DirectoryIndex index.html index.html.var

#

# AccessFileName: The name of the file to look for in each directory

# for additional configuration directives.  See also the AllowOverride 

# directive.

#

AccessFileName .htaccess

#

# The following lines prevent .htaccess and .htpasswd files from being 

# viewed by Web clients. 

#

<FilesMatch "^\.ht">

    Order allow,deny

    Deny from all

</FilesMatch>

#

# TypesConfig describes where the mime.types file (or equivalent) is

# to be found.

#

TypesConfig /etc/mime.types

#

# DefaultType is the default MIME type the server will use for a document

# if it cannot otherwise determine one, such as from filename extensions.

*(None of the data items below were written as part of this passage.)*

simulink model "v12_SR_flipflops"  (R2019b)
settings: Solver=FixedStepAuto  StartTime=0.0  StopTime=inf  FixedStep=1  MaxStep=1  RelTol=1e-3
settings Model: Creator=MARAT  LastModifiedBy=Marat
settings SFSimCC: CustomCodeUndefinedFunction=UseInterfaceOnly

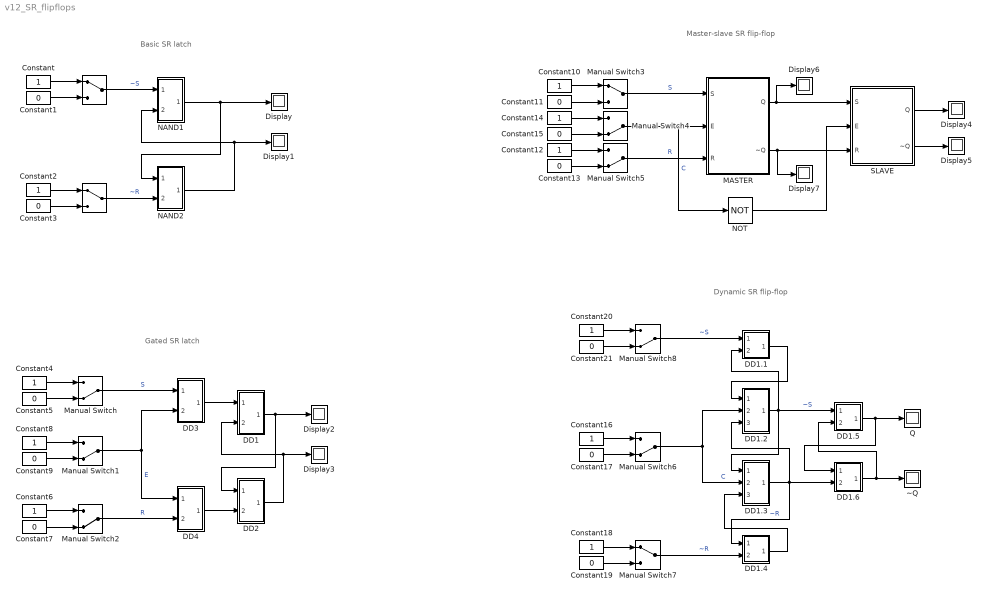
== system v12_SR_flipflops ==
  note: Dynamic SR flip-flop
  note: Master-slave SR flip-flop
  note: Basic SR latch
  note: Gated SR latch
  " " : ManualSwitch
  " " : ManualSwitch
  Constant{,2,4,6,8,10,12,14,16,18,20} (11 alike) : Constant  OutDataTypeStr=boolean
  Constant{1,3,5,7,9,11,13,15,17,19,21} (11 alike) : Constant  Value=0  OutDataTypeStr=boolean
  DD1 : Subsystem
      mask Display: disp('&~');
  DD1.1 : Subsystem
      mask Display: disp('&~');
  DD1.2 : Subsystem
      mask Display: disp('&~');
  DD1.3 : Subsystem
      mask Display: disp('&~');
  DD1.4 : Subsystem
      mask Display: disp('&~');
  DD1.5 : Subsystem
      mask Display: disp('&~');
  DD1.6 : Subsystem
      mask Display: disp('&~');
  DD2 : Subsystem
      mask Display: disp('&~');
  DD3 : Subsystem
      mask Display: disp('&~');
  DD4 : Subsystem
      mask Display: disp('&~');
  Display{,1..7} (8 alike) : Display
  MASTER : Subsystem
      mask Display: disp('SR \nlatch \ngated');
  Manual Switch{,1..2,4..6,8} (7 alike) : ManualSwitch  CurrentSetting=0
  Manual Switch3 : ManualSwitch
  Manual Switch7 : ManualSwitch
  NAND1 : Subsystem
      mask Display: disp('&~');
  NAND2 : Subsystem
      mask Display: disp('&~');
  NOT : Logic  Operator=NOT  IconShape=distinctive  AllPortsSameDT=off  OutDataTypeStr=boolean
  Q : Display
  SLAVE : Subsystem
      mask Display: disp('SR \nlatch \ngated');
  ~Q : Display
  wires:
  DD1.5/1(Out1) -> DD1.6/1(In1), Q/1
  DD1.3/1(Out1) -> DD1.4/1(In1), DD1.6/2(In2), DD1.2/3(In3)  "~R"
  Constant18/1 -> Manual Switch7/1
  Constant19/1 -> Manual Switch7/2
  Manual Switch7/1 -> DD1.4/2(In2)  "~R"
  Constant16/1 -> Manual Switch6/1
  Constant17/1 -> Manual Switch6/2
  DD1.6/1(Out1) -> DD1.5/2(In2), ~Q/1
  Manual Switch6/1 -> DD1.2/2(In2), DD1.3/2(In2)  "C"
  Constant21/1 -> Manual Switch8/2
  Constant20/1 -> Manual Switch8/1
  Manual Switch8/1 -> DD1.1/1(In1)  "~S"
  DD1.2/1(Out1) -> DD1.1/2(In2), DD1.5/1(In1), DD1.3/1(In1)  "~S"
  DD1.1/1(Out1) -> DD1.2/1(In1)
  DD1.4/1(Out1) -> DD1.3/3(In3)
  Constant10/1 -> Manual Switch3/1
  MASTER/2(~Q) -> Display7/1, SLAVE/3(R)
  MASTER/1(Q) -> SLAVE/1(S), Display6/1
  Manual Switch3/1 -> MASTER/1(S)  "S"
  SLAVE/2(~Q) -> Display5/1
  Constant13/1 -> Manual Switch5/2
  Constant15/1 -> Manual Switch4/2
  Manual Switch4/1 -> NOT/1, MASTER/2(E)  "C"
  Manual Switch5/1 -> MASTER/3(R)  "R"
  Constant12/1 -> Manual Switch5/1
  NOT/1 -> SLAVE/2(E)
  Constant11/1 -> Manual Switch3/2
  SLAVE/1(Q) -> Display4/1
  Constant14/1 -> Manual Switch4/1
  NAND1/1(Out1) -> NAND2/1(In1), Display/1
  Constant9/1 -> Manual Switch1/2
  Constant2/1 -> " "/1
  Manual Switch2/1 -> DD4/2(In2)  "R"
  " "/1 -> NAND2/2(In2)  "~R"
  DD3/1(Out1) -> DD1/1(In1)
  Constant5/1 -> Manual Switch/2
  Constant8/1 -> Manual Switch1/1
  Manual Switch1/1 -> DD4/1(In1), DD3/2(In2)  "E"
  Constant1/1 -> " "/2
  NAND2/1(Out1) -> NAND1/2(In2), Display1/1
  DD2/1(Out1) -> Display3/1, DD1/2(In2)
  DD4/1(Out1) -> DD2/2(In2)
  DD1/1(Out1) -> Display2/1, DD2/1(In1)
  Constant6/1 -> Manual Switch2/1
  Constant3/1 -> " "/2
  Constant7/1 -> Manual Switch2/2
  Manual Switch/1 -> DD3/1(In1)  "S"
  Constant4/1 -> Manual Switch/1
  Constant/1 -> " "/1
  " "/1 -> NAND1/1(In1)  "~S"

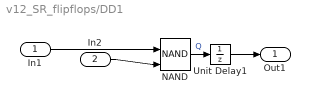
== system v12_SR_flipflops/DD1 ==
  In1 : Inport
  In2 : Inport  Port=2
  NAND : Logic  Operator=NAND  IconShape=distinctive  AllPortsSameDT=off  OutDataTypeStr=boolean
  Unit Delay1 : UnitDelay  SampleTime=-1  HasFrameUpgradeWarning=on
  Out1 : Outport
  wires:
  NAND/1 -> Unit Delay1/1  "Q"
  Unit Delay1/1 -> Out1/1
  In1/1 -> NAND/1
  In2/1 -> NAND/2

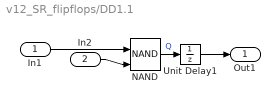
== system v12_SR_flipflops/DD1.1 ==
  In1 : Inport
  In2 : Inport  Port=2
  NAND : Logic  Operator=NAND  IconShape=distinctive  AllPortsSameDT=off  OutDataTypeStr=boolean
  Unit Delay1 : UnitDelay  SampleTime=-1  HasFrameUpgradeWarning=on
  Out1 : Outport
  wires:
  NAND/1 -> Unit Delay1/1  "Q"
  Unit Delay1/1 -> Out1/1
  In1/1 -> NAND/1
  In2/1 -> NAND/2

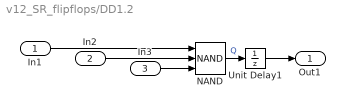
== system v12_SR_flipflops/DD1.2 ==
  In1 : Inport
  In2 : Inport  Port=2
  In3 : Inport  Port=3
  NAND : Logic  Operator=NAND  Inputs=3  IconShape=distinctive  AllPortsSameDT=off  OutDataTypeStr=boolean
  Unit Delay1 : UnitDelay  SampleTime=-1  HasFrameUpgradeWarning=on
  Out1 : Outport
  wires:
  In3/1 -> NAND/3
  In2/1 -> NAND/2
  In1/1 -> NAND/1
  Unit Delay1/1 -> Out1/1
  NAND/1 -> Unit Delay1/1  "Q"

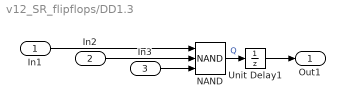
== system v12_SR_flipflops/DD1.3 ==
  In1 : Inport
  In2 : Inport  Port=2
  In3 : Inport  Port=3
  NAND : Logic  Operator=NAND  Inputs=3  IconShape=distinctive  AllPortsSameDT=off  OutDataTypeStr=boolean
  Unit Delay1 : UnitDelay  SampleTime=-1  HasFrameUpgradeWarning=on
  Out1 : Outport
  wires:
  NAND/1 -> Unit Delay1/1  "Q"
  Unit Delay1/1 -> Out1/1
  In1/1 -> NAND/1
  In2/1 -> NAND/2
  In3/1 -> NAND/3

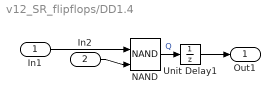
== system v12_SR_flipflops/DD1.4 ==
  In1 : Inport
  In2 : Inport  Port=2
  NAND : Logic  Operator=NAND  IconShape=distinctive  AllPortsSameDT=off  OutDataTypeStr=boolean
  Unit Delay1 : UnitDelay  SampleTime=-1  HasFrameUpgradeWarning=on
  Out1 : Outport
  wires:
  NAND/1 -> Unit Delay1/1  "Q"
  Unit Delay1/1 -> Out1/1
  In1/1 -> NAND/1
  In2/1 -> NAND/2

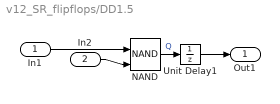
== system v12_SR_flipflops/DD1.5 ==
  In1 : Inport
  In2 : Inport  Port=2
  NAND : Logic  Operator=NAND  IconShape=distinctive  AllPortsSameDT=off  OutDataTypeStr=boolean
  Unit Delay1 : UnitDelay  SampleTime=-1  HasFrameUpgradeWarning=on
  Out1 : Outport
  wires:
  In2/1 -> NAND/2
  In1/1 -> NAND/1
  Unit Delay1/1 -> Out1/1
  NAND/1 -> Unit Delay1/1  "Q"

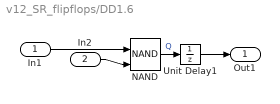
== system v12_SR_flipflops/DD1.6 ==
  In1 : Inport
  In2 : Inport  Port=2
  NAND : Logic  Operator=NAND  IconShape=distinctive  AllPortsSameDT=off  OutDataTypeStr=boolean
  Unit Delay1 : UnitDelay  SampleTime=-1  HasFrameUpgradeWarning=on
  Out1 : Outport
  wires:
  NAND/1 -> Unit Delay1/1  "Q"
  Unit Delay1/1 -> Out1/1
  In1/1 -> NAND/1
  In2/1 -> NAND/2

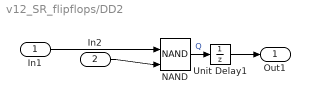
== system v12_SR_flipflops/DD2 ==
  In1 : Inport
  In2 : Inport  Port=2
  NAND : Logic  Operator=NAND  IconShape=distinctive  AllPortsSameDT=off  OutDataTypeStr=boolean
  Unit Delay1 : UnitDelay  SampleTime=-1  HasFrameUpgradeWarning=on
  Out1 : Outport
  wires:
  In2/1 -> NAND/2
  In1/1 -> NAND/1
  Unit Delay1/1 -> Out1/1
  NAND/1 -> Unit Delay1/1  "Q"

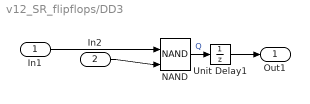
== system v12_SR_flipflops/DD3 ==
  In1 : Inport
  In2 : Inport  Port=2
  NAND : Logic  Operator=NAND  IconShape=distinctive  AllPortsSameDT=off  OutDataTypeStr=boolean
  Unit Delay1 : UnitDelay  SampleTime=-1  HasFrameUpgradeWarning=on
  Out1 : Outport
  wires:
  In2/1 -> NAND/2
  In1/1 -> NAND/1
  Unit Delay1/1 -> Out1/1
  NAND/1 -> Unit Delay1/1  "Q"

== system v12_SR_flipflops/DD4 ==
  In1 : Inport
  In2 : Inport  Port=2
  NAND : Logic  Operator=NAND  IconShape=distinctive  AllPortsSameDT=off  OutDataTypeStr=boolean
  Unit Delay1 : UnitDelay  SampleTime=-1  HasFrameUpgradeWarning=on
  Out1 : Outport
  wires:
  NAND/1 -> Unit Delay1/1  "Q"
  Unit Delay1/1 -> Out1/1
  In1/1 -> NAND/1
  In2/1 -> NAND/2

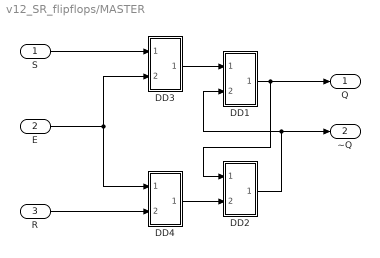
== system v12_SR_flipflops/MASTER ==
  S : Inport
  E : Inport  Port=2
  R : Inport  Port=3
  DD1 : Subsystem
      mask Display: disp('&~');
  DD2 : Subsystem
      mask Display: disp('&~');
  DD3 : Subsystem
      mask Display: disp('&~');
  DD4 : Subsystem
      mask Display: disp('&~');
  Q : Outport
  ~Q : Outport  Port=2
  wires:
  DD3/1(Out1) -> DD1/1(In1)
  DD1/1(Out1) -> Q/1, DD2/1(In1)
  E/1 -> DD4/1(In1), DD3/2(In2)
  S/1 -> DD3/1(In1)
  DD4/1(Out1) -> DD2/2(In2)
  R/1 -> DD4/2(In2)
  DD2/1(Out1) -> ~Q/1, DD1/2(In2)

== system v12_SR_flipflops/NAND1 ==
  In1 : Inport
  In2 : Inport  Port=2
  NAND : Logic  Operator=NAND  IconShape=distinctive  AllPortsSameDT=off  OutDataTypeStr=boolean
  Unit Delay1 : UnitDelay  SampleTime=-1  HasFrameUpgradeWarning=on
  Out1 : Outport
  wires:
  NAND/1 -> Unit Delay1/1  "Q"
  Unit Delay1/1 -> Out1/1
  In1/1 -> NAND/1
  In2/1 -> NAND/2

== system v12_SR_flipflops/NAND2 ==
  In1 : Inport
  In2 : Inport  Port=2
  NAND : Logic  Operator=NAND  IconShape=distinctive  AllPortsSameDT=off  OutDataTypeStr=boolean
  Unit Delay1 : UnitDelay  SampleTime=-1  HasFrameUpgradeWarning=on
  Out1 : Outport
  wires:
  In2/1 -> NAND/2
  In1/1 -> NAND/1
  Unit Delay1/1 -> Out1/1
  NAND/1 -> Unit Delay1/1  "Q"

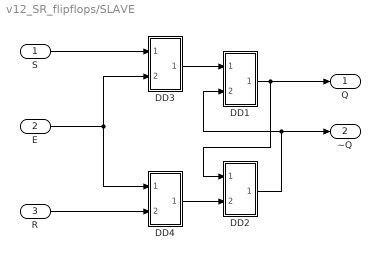
== system v12_SR_flipflops/SLAVE ==
  S : Inport
  E : Inport  Port=2
  R : Inport  Port=3
  DD1 : Subsystem
      mask Display: disp('&~');
  DD2 : Subsystem
      mask Display: disp('&~');
  DD3 : Subsystem
      mask Display: disp('&~');
  DD4 : Subsystem
      mask Display: disp('&~');
  Q : Outport
  ~Q : Outport  Port=2
  wires:
  DD2/1(Out1) -> DD1/2(In2), ~Q/1
  R/1 -> DD4/2(In2)
  DD4/1(Out1) -> DD2/2(In2)
  S/1 -> DD3/1(In1)
  E/1 -> DD3/2(In2), DD4/1(In1)
  DD1/1(Out1) -> DD2/1(In1), Q/1
  DD3/1(Out1) -> DD1/1(In1)

== system v12_SR_flipflops/MASTER/DD1 ==
  In1 : Inport
  In2 : Inport  Port=2
  NAND : Logic  Operator=NAND  IconShape=distinctive  AllPortsSameDT=off  OutDataTypeStr=boolean
  Unit Delay1 : UnitDelay  SampleTime=-1  HasFrameUpgradeWarning=on
  Out1 : Outport
  wires:
  NAND/1 -> Unit Delay1/1  "Q"
  Unit Delay1/1 -> Out1/1
  In1/1 -> NAND/1
  In2/1 -> NAND/2

== system v12_SR_flipflops/MASTER/DD2 ==
  In1 : Inport
  In2 : Inport  Port=2
  NAND : Logic  Operator=NAND  IconShape=distinctive  AllPortsSameDT=off  OutDataTypeStr=boolean
  Unit Delay1 : UnitDelay  SampleTime=-1  HasFrameUpgradeWarning=on
  Out1 : Outport
  wires:
  In2/1 -> NAND/2
  In1/1 -> NAND/1
  Unit Delay1/1 -> Out1/1
  NAND/1 -> Unit Delay1/1  "Q"

== system v12_SR_flipflops/MASTER/DD3 ==
  In1 : Inport
  In2 : Inport  Port=2
  NAND : Logic  Operator=NAND  IconShape=distinctive  AllPortsSameDT=off  OutDataTypeStr=boolean
  Unit Delay1 : UnitDelay  SampleTime=-1  HasFrameUpgradeWarning=on
  Out1 : Outport
  wires:
  In2/1 -> NAND/2
  In1/1 -> NAND/1
  Unit Delay1/1 -> Out1/1
  NAND/1 -> Unit Delay1/1  "Q"

== system v12_SR_flipflops/MASTER/DD4 ==
  In1 : Inport
  In2 : Inport  Port=2
  NAND : Logic  Operator=NAND  IconShape=distinctive  AllPortsSameDT=off  OutDataTypeStr=boolean
  Unit Delay1 : UnitDelay  SampleTime=-1  HasFrameUpgradeWarning=on
  Out1 : Outport
  wires:
  NAND/1 -> Unit Delay1/1  "Q"
  Unit Delay1/1 -> Out1/1
  In1/1 -> NAND/1
  In2/1 -> NAND/2

== system v12_SR_flipflops/SLAVE/DD1 ==
  In1 : Inport
  In2 : Inport  Port=2
  NAND : Logic  Operator=NAND  IconShape=distinctive  AllPortsSameDT=off  OutDataTypeStr=boolean
  Unit Delay1 : UnitDelay  SampleTime=-1  HasFrameUpgradeWarning=on
  Out1 : Outport
  wires:
  In2/1 -> NAND/2
  In1/1 -> NAND/1
  Unit Delay1/1 -> Out1/1
  NAND/1 -> Unit Delay1/1  "Q"

== system v12_SR_flipflops/SLAVE/DD2 ==
  In1 : Inport
  In2 : Inport  Port=2
  NAND : Logic  Operator=NAND  IconShape=distinctive  AllPortsSameDT=off  OutDataTypeStr=boolean
  Unit Delay1 : UnitDelay  SampleTime=-1  HasFrameUpgradeWarning=on
  Out1 : Outport
  wires:
  NAND/1 -> Unit Delay1/1  "Q"
  Unit Delay1/1 -> Out1/1
  In1/1 -> NAND/1
  In2/1 -> NAND/2

== system v12_SR_flipflops/SLAVE/DD3 ==
  In1 : Inport
  In2 : Inport  Port=2
  NAND : Logic  Operator=NAND  IconShape=distinctive  AllPortsSameDT=off  OutDataTypeStr=boolean
  Unit Delay1 : UnitDelay  SampleTime=-1  HasFrameUpgradeWarning=on
  Out1 : Outport
  wires:
  NAND/1 -> Unit Delay1/1  "Q"
  Unit Delay1/1 -> Out1/1
  In1/1 -> NAND/1
  In2/1 -> NAND/2

== system v12_SR_flipflops/SLAVE/DD4 ==
  In1 : Inport
  In2 : Inport  Port=2
  NAND : Logic  Operator=NAND  IconShape=distinctive  AllPortsSameDT=off  OutDataTypeStr=boolean
  Unit Delay1 : UnitDelay  SampleTime=-1  HasFrameUpgradeWarning=on
  Out1 : Outport
  wires:
  In2/1 -> NAND/2
  In1/1 -> NAND/1
  Unit Delay1/1 -> Out1/1
  NAND/1 -> Unit Delay1/1  "Q"

# If your server contains mostly text or HTML documents, "text/plain" is

# a good value.  If most of your content is binary, such as applications

# or images, you may want to use "application/octet-stream" instead to

# keep browsers from trying to display binary files as though they are

# text.

#

DefaultType text/plain

#

# The mod_mime_magic module allows the server to use various hints from the

# contents of the file itself to determine its type.  The MIMEMagicFile

# directive tells the module where the hint definitions are located.

#

<IfModule mod_mime_magic.c>

    MIMEMagicFile /etc/apache2/magic

</IfModule>

#

# HostnameLookups: Log the names of clients or just their IP addresses

# e.g., www.apache.org (on) or 204.62.129.132 (off).

# The default is off because it'd be overall better for the net if people

# had to knowingly turn this feature on, since enabling it means that

# each client request will result in AT LEAST one lookup request to the

# nameserver.

#

HostNameLookups off

#

# EnableMMAP: Control whether memory-mapping is used to deliver

# files (assuming that the underlying OS supports it).

# The default is on; turn this off if you serve from NFS-mounted 

# filesystems.  On some systems, turning it off (regardless of

# filesystem) can improve performance; for details, please see

# http://httpd.apache.org/docs/2.0/mod/core.html#enablemmap

#

#EnableMMAP off

#

# EnableSendfile: Control whether the sendfile kernel support is 

# used  to deliver files (assuming that the OS supports it).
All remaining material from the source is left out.